CAL. CONST. art. III,ss.3.5. In assenting to the judgment here,
the Commission ("an administrative agency created by the
Constitution," see CAL. CONST. art. XII) was refusing to
enforce both the substantive limits on the utilities' transition
cost recovery and the procedures required of the Commission
when making rate orders. By stipulating to the judgment, the
Commission agreed not only to exempt SoCal Edison from
AB 1890 but also to be enjoined from enforcing AB 1890.
Thus, assuming our interpretation of California state law is
correct, the Stipulated Judgment must be vacated as void.

                                       D

   [9] However, ours is not the final word on California state
law. Federal courts are bound by the pronouncements of the
state's highest court on applicable state law. Davis v. Metro
Productions, Inc., 885 F.2d 515, 524 (9th Cir. 1989). However,
the decisions of California appellate courts provide no
controlling precedent on these issues of state law; thus, this
case satisfies the criteria for certification. See Cal. Rules of
Court 29.5(a)(3). Resolution of the state law issues involved
in this litigation will have a substantial effect on California
law and the citizens of California. Accordingly, principles of
comity suggest that those decisions should be made by California
courts. Thus, by separate order accompanying this decision,
we certify these issues of state law to the Supreme Court
of California and respectfully request the Court to accept certification.

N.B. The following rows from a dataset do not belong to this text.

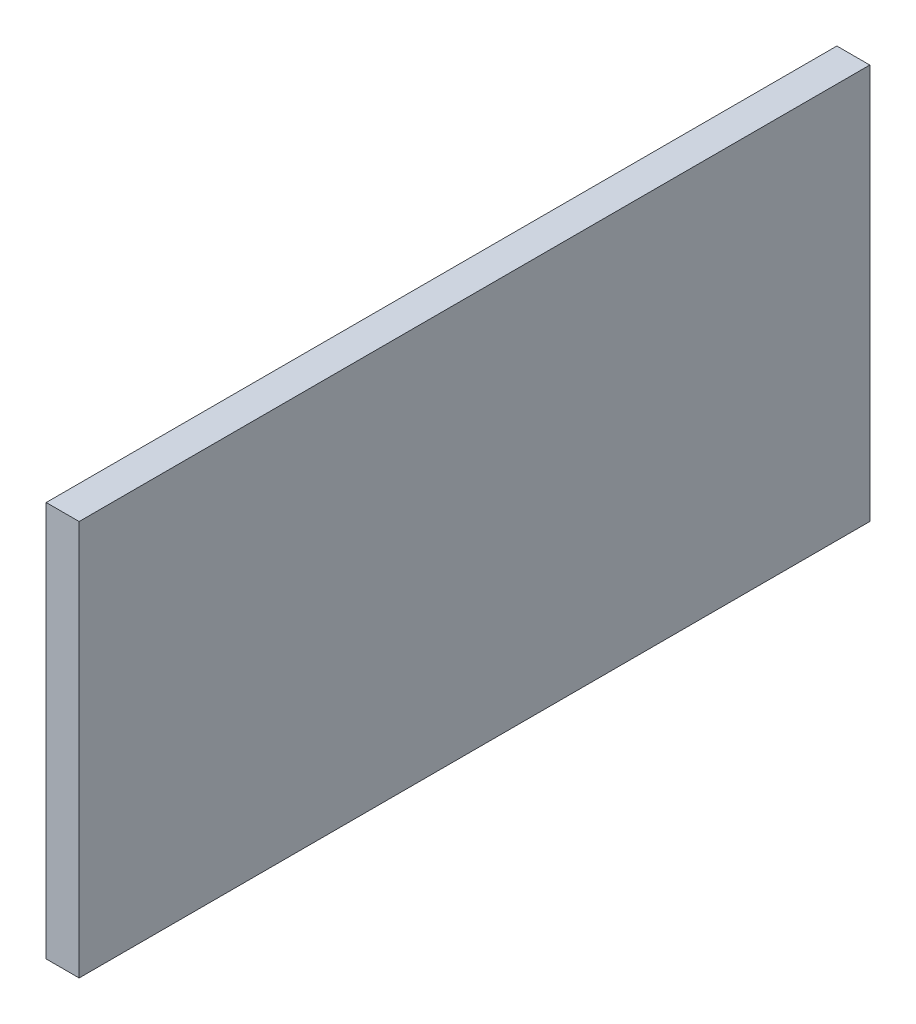
SolidWorks part; units mm, degrees
ref_plane "Front Plane" through (0, 0, 0) normal (0, 0, 1) x (1, 0, 0)
ref_plane "Top Plane" through (0, 0, 0) normal (0, 1, 0) x (1, 0, 0)
ref_plane "Right Plane" through (0, 0, 0) normal (1, 0, 0) x (0, 0, -1)
sketch "Sketch1" plane through (0, 0, 0) normal (1, 0, 0) x (0, 0, -1)
  line L1 (-152.4, 76.2) -> (152.4, 76.2)
  line L2 (-152.4, 76.2) -> (-152.4, -76.2)
  line L3 (-152.4, -76.2) -> (152.4, -76.2)
  line L4 (152.4, 76.2) -> (152.4, -76.2)
  line L5 (-152.4, 76.2) -> (152.4, -76.2) construction
  line L6 (-152.4, -76.2) -> (152.4, 76.2) construction
  point P0 (0, 0)
  dimension "D1" = 304.8
  dimension "D2" = 152.4
extrude "Boss-Extrude1" add sketch "Sketch1" along normal blind 12.7

                                       X

   We affirm the judgment of the district court in all respects,
except for the state law claims identified in section IX. We
respectfully certify those issues to the Supreme Court of California.
We stay further proceedings in this case pending a





14684                     SO. CAL. EDISON v. LYNCH
-------------------------------------------------------------------------------

response from the Supreme Court of California on the request
for certification.

                      AFFIRMED IN PART; CERTIFIED IN PART.